The schedule aspect is an interesting one, think: "Every Day at 8am check all the services that I own, and give me a summary in slack of their health and areas where I should focus":

ATAI Scheduled Task

A nod to Platforms

AI is not magic, don't let anyone convince you otherwise. I truly believe one of the key reasons we have been able to move fast with this type of tool is because of the investment we have made in our underlying platforms.

Our Data Platform, and Delivery Platform have completely standardised the way we build, test and deploy software. We have first class APIs which allow us to query information about those systems and get a consistent, accurate, response.

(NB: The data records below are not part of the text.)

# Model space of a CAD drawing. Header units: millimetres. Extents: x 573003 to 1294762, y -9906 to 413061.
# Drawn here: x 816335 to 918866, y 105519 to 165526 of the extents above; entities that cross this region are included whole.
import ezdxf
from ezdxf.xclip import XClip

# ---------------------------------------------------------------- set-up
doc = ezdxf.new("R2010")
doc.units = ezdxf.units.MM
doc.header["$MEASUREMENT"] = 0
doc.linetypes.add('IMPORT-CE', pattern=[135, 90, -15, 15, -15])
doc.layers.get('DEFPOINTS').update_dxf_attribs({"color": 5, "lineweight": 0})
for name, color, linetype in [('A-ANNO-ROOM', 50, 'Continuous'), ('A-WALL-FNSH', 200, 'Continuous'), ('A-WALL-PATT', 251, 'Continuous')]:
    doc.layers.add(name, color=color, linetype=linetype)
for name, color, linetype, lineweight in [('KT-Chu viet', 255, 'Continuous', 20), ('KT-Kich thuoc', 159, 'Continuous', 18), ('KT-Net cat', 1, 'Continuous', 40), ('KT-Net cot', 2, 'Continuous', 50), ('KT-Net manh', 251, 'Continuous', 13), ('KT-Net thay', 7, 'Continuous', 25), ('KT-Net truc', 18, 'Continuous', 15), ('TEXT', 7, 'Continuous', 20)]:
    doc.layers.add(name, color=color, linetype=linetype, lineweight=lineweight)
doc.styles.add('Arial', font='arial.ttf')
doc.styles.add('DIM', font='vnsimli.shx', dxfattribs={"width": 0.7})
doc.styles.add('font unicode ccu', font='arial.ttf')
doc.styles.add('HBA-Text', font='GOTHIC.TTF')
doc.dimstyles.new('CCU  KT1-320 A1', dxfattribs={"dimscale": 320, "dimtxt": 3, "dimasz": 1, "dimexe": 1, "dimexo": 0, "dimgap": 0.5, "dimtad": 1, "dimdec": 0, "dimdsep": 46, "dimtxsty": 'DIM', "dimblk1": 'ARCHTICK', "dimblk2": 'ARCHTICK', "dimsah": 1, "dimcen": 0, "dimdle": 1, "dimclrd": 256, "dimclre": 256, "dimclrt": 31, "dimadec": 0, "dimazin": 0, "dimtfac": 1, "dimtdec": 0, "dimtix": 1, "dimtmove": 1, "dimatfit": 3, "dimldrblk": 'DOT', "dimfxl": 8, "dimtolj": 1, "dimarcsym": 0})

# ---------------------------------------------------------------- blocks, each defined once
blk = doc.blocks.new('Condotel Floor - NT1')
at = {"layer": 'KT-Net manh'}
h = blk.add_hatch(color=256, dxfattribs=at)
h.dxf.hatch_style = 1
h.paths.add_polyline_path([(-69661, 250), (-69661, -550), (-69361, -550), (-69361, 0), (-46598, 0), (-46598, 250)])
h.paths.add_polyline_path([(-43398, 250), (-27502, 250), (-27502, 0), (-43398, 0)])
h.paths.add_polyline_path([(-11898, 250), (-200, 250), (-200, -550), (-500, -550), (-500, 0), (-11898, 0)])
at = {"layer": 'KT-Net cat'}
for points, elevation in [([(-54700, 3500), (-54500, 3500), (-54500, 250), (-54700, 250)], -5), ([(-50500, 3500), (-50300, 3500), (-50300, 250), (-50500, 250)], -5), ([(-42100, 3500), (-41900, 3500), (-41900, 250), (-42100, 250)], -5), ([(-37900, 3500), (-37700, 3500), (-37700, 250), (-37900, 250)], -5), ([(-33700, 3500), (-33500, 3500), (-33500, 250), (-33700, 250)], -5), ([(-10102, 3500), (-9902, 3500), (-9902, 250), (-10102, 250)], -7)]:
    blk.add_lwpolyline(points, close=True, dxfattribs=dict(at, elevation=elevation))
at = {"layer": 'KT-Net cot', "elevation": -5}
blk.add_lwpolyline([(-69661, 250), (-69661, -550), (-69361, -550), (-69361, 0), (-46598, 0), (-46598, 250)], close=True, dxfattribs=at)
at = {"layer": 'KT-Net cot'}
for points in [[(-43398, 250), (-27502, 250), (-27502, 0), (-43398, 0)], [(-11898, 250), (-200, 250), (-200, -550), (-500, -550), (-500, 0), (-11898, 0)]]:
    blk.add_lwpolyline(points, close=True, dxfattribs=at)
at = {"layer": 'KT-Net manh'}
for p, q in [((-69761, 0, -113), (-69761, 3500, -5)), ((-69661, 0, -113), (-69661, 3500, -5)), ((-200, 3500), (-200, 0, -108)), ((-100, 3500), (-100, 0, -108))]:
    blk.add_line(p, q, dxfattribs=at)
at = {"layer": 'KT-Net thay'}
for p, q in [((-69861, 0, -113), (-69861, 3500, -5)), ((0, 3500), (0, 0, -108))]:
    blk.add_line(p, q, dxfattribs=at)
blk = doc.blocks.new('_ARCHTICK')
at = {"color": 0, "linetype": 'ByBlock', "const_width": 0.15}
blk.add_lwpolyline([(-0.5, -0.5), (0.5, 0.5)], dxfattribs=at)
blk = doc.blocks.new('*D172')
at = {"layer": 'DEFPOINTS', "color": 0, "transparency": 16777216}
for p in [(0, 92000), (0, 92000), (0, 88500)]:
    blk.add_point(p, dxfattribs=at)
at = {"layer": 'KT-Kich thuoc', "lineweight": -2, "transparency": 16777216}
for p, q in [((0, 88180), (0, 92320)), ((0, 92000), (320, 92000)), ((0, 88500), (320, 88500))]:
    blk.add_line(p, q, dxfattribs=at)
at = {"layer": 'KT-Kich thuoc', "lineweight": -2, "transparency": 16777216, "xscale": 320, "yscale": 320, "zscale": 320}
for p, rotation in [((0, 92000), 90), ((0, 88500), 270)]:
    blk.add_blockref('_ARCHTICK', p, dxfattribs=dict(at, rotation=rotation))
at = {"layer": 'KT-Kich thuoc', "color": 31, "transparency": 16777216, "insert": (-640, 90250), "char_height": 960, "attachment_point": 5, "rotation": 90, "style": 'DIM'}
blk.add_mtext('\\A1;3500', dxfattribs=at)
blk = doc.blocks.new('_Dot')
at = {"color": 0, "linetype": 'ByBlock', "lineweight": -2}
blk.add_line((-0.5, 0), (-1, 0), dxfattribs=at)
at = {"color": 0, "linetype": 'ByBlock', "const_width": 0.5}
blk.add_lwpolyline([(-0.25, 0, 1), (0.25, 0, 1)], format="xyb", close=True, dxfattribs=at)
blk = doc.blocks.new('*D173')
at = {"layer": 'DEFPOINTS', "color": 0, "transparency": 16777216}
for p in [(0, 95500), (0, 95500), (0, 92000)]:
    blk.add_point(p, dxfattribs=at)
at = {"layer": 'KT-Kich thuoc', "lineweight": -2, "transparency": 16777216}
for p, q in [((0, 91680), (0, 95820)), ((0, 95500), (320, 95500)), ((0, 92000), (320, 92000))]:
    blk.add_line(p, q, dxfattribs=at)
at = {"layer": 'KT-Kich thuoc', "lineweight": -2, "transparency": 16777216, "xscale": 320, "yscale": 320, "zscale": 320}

CLI and Dashboard Side by Side

AI doesn't have to guess anything, it's all there, completely deterministic. It doesn't matter if you interact with our platform APIs, the dashboard, or the CLI, the behaviour you get is the same. Like any power tool, AI obeys the law of Garbage In, Garbage Out. Use it to actually clean your house, not just to sweep the rubbish under the rug.

Final take

There is a lot of hype in the industry right now, usually accompanied by wild claims about 10x productivity or replacing entire engineering teams. If you are looking for those kinds of vanity metrics here, you won't find them. We don't measure the value of a tool by trying to calculate a theoretical number of hours saved.

If Skippr does 500 PR reviews a week, you could argue that saves us 250 hours (given ~30mins per PR review). You could also argue that catching bugs before production saves countless hours of reactive debugging. But the reality is more nuanced: engineers still have to validate the AI's work, and occasionally correct its mistakes. If you ship faster, you inevitably introduce new issues, no matter how good your review process.

Fixating on hours saved misses the point entirely. Think about this evolution the same way we think about CI/CD or the Cloud. We didn't adopt cloud infrastructure to necessarily work fewer hours, we did it so we wouldn't have to spend our days racking physical servers. With software, we build standards, libraries, and abstractions to reduce monotony.

AI for me is the next, incredibly powerful extension of that philosophy. It is another tool in our engineering belt, albeit a heavy-duty power tool! It offloads the dull, repetitive tasks and clears space so humans can focus on the high-value, complex problems that actually require their ingenuity.

I believe the real proof of value isn't found in a spreadsheet - it is found in adoption. If this platform wasn't genuinely excellent and making engineers' lives better, they simply wouldn't use it (because we don't force them). The fact that it has become part of our daily workflow is the only metric that matters.